> Task to complete: Nothing outside the range is wanted. Repeat exactly the lines below from the one with "settings: SourceProductName=Simscape Power" through the one with "DC Voltage Source/RConn1".

Extracted data entries
***
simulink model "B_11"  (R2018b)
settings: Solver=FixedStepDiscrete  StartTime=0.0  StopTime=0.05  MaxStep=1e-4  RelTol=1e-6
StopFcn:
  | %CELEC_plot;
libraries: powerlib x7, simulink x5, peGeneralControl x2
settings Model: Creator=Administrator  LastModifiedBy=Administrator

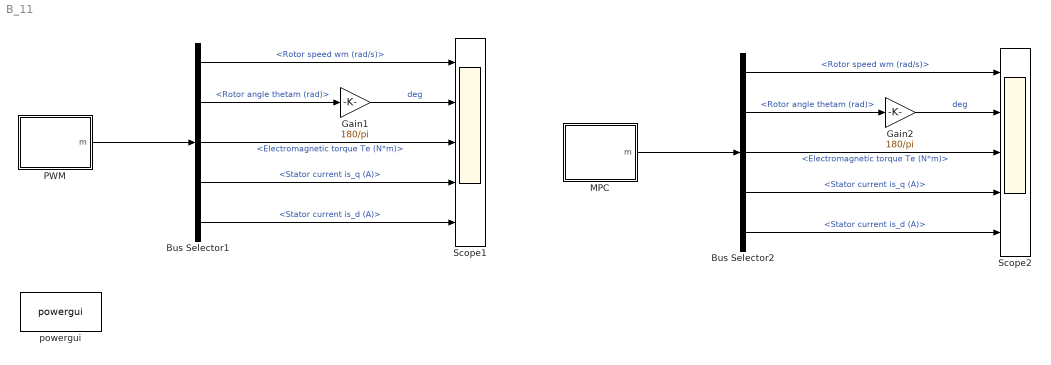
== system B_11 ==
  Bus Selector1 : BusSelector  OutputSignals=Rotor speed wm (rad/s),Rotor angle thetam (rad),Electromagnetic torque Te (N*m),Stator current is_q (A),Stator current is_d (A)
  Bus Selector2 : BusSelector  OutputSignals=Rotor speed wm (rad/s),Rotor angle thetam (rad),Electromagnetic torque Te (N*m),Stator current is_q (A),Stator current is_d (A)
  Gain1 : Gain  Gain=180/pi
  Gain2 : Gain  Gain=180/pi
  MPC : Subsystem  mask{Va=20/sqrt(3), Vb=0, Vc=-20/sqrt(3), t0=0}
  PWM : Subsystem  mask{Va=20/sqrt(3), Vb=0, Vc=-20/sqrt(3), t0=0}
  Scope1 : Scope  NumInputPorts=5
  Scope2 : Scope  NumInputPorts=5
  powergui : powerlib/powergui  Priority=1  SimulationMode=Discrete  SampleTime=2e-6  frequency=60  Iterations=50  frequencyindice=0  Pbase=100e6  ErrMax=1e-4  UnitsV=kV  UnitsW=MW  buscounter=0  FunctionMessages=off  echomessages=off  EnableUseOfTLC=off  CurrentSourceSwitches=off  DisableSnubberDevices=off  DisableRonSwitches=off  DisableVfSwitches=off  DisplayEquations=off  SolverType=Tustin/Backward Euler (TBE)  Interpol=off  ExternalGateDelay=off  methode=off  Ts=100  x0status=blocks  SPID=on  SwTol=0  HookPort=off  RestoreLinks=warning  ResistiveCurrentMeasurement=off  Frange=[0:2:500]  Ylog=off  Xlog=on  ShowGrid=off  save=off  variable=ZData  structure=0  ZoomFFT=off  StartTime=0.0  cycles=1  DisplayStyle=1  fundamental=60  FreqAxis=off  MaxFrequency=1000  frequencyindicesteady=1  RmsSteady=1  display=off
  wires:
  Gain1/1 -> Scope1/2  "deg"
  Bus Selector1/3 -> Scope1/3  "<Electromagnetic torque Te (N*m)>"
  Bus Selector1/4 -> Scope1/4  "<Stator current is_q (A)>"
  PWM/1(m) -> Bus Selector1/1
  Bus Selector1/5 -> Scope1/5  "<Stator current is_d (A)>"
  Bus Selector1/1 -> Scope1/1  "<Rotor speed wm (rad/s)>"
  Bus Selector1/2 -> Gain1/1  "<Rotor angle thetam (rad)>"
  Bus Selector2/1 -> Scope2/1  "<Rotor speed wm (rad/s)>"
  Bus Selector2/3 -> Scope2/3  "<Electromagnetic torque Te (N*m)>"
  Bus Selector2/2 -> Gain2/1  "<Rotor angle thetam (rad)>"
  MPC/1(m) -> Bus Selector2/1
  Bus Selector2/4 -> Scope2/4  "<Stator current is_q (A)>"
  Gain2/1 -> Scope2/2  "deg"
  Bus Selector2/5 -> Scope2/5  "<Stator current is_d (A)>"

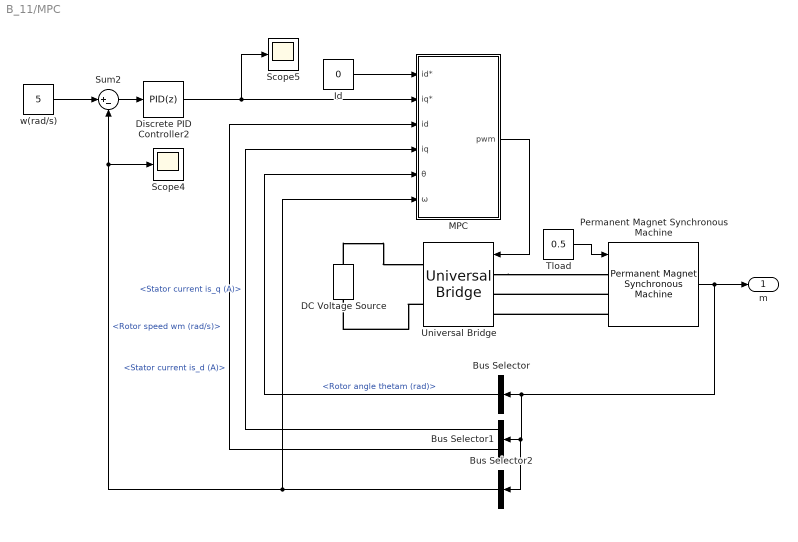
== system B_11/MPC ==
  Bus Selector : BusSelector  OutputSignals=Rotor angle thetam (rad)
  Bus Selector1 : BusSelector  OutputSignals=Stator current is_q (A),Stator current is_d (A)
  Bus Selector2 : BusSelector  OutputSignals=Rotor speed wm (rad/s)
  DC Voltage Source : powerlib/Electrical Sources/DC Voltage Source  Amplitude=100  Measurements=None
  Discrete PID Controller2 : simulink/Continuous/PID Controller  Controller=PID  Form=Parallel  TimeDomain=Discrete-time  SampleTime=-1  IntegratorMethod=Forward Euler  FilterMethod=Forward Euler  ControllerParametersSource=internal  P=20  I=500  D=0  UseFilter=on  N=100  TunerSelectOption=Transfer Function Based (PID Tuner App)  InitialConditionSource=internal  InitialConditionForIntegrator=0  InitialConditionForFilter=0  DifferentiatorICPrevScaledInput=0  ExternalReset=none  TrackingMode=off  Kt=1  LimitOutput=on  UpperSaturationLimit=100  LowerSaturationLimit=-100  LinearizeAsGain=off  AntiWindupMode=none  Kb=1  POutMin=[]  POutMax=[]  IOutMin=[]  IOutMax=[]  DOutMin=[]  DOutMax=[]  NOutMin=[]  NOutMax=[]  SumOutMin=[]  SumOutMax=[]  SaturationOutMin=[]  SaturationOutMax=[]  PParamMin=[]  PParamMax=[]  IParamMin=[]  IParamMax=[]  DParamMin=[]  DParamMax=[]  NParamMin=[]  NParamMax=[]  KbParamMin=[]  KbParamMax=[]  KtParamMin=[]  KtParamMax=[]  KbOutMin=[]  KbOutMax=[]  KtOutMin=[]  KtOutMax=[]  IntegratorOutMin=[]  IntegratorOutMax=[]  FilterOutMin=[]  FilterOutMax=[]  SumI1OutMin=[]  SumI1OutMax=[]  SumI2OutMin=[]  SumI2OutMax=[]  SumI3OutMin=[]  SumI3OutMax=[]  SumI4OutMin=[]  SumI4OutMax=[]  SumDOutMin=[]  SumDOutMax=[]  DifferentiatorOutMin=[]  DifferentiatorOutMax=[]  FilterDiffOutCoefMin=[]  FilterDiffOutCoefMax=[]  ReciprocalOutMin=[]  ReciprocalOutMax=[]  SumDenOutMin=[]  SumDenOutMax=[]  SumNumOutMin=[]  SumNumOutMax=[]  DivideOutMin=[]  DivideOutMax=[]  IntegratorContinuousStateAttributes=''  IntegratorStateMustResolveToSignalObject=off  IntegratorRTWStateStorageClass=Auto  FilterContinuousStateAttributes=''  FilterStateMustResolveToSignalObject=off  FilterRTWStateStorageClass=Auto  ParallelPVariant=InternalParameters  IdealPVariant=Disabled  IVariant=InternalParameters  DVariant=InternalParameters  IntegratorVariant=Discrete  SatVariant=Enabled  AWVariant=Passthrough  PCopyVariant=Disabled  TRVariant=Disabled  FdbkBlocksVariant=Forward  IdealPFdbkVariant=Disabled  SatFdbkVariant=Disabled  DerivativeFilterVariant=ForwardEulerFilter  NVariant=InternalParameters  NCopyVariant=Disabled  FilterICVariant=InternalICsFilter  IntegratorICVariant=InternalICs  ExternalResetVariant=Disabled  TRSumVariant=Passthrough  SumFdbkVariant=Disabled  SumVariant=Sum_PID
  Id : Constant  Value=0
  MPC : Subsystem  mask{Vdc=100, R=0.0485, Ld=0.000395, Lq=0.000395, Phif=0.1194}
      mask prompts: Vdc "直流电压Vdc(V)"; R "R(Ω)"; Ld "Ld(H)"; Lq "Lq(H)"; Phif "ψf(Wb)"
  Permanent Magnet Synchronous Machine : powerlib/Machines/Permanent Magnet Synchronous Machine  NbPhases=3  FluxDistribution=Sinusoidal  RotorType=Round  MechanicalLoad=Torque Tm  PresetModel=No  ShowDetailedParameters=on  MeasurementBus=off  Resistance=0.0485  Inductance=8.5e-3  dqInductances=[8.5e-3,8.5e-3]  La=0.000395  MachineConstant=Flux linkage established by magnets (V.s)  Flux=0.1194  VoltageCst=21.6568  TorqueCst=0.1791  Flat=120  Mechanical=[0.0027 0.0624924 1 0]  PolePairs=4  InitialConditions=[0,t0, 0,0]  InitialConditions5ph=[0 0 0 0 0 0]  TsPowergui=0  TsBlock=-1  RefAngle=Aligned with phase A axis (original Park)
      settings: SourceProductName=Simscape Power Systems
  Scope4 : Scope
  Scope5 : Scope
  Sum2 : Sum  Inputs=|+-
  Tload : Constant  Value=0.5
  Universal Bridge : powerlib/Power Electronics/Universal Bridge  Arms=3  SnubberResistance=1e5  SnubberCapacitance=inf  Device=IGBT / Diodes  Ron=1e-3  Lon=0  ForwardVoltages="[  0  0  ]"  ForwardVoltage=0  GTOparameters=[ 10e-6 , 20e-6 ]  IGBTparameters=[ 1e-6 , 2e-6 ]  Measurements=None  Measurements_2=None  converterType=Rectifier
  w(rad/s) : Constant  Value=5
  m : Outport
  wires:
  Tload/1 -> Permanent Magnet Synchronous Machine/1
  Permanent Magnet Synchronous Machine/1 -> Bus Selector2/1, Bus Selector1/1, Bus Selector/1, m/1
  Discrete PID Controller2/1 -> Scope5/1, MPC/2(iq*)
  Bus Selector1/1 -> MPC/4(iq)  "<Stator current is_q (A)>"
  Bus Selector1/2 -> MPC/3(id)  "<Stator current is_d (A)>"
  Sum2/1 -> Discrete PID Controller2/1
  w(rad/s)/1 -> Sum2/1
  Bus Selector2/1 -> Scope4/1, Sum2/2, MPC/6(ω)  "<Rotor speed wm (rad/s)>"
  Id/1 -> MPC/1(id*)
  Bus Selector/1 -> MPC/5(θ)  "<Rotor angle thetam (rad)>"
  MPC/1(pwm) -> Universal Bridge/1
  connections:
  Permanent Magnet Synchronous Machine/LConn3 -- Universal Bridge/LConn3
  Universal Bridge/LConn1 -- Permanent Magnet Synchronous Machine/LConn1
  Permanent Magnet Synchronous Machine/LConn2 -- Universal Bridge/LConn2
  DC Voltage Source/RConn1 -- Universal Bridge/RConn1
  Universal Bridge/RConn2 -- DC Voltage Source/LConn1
***
> Reply:
      settings: SourceProductName=Simscape Power Systems
  Scope4 : Scope
  Scope5 : Scope
  Sum2 : Sum  Inputs=|+-
  Tload : Constant  Value=0.5
  Universal Bridge : powerlib/Power Electronics/Universal Bridge  Arms=3  SnubberResistance=1e5  SnubberCapacitance=inf  Device=IGBT / Diodes  Ron=1e-3  Lon=0  ForwardVoltages="[  0  0  ]"  ForwardVoltage=0  GTOparameters=[ 10e-6 , 20e-6 ]  IGBTparameters=[ 1e-6 , 2e-6 ]  Measurements=None  Measurements_2=None  converterType=Rectifier
  w(rad/s) : Constant  Value=5
  m : Outport
  wires:
  Tload/1 -> Permanent Magnet Synchronous Machine/1
  Permanent Magnet Synchronous Machine/1 -> Bus Selector2/1, Bus Selector1/1, Bus Selector/1, m/1
  Discrete PID Controller2/1 -> Scope5/1, MPC/2(iq*)
  Bus Selector1/1 -> MPC/4(iq)  "<Stator current is_q (A)>"
  Bus Selector1/2 -> MPC/3(id)  "<Stator current is_d (A)>"
  Sum2/1 -> Discrete PID Controller2/1
  w(rad/s)/1 -> Sum2/1
  Bus Selector2/1 -> Scope4/1, Sum2/2, MPC/6(ω)  "<Rotor speed wm (rad/s)>"
  Id/1 -> MPC/1(id*)
  Bus Selector/1 -> MPC/5(θ)  "<Rotor angle thetam (rad)>"
  MPC/1(pwm) -> Universal Bridge/1
  connections:
  Permanent Magnet Synchronous Machine/LConn3 -- Universal Bridge/LConn3
  Universal Bridge/LConn1 -- Permanent Magnet Synchronous Machine/LConn1
  Permanent Magnet Synchronous Machine/LConn2 -- Universal Bridge/LConn2
  DC Voltage Source/RConn1 -- Universal Bridge/RConn1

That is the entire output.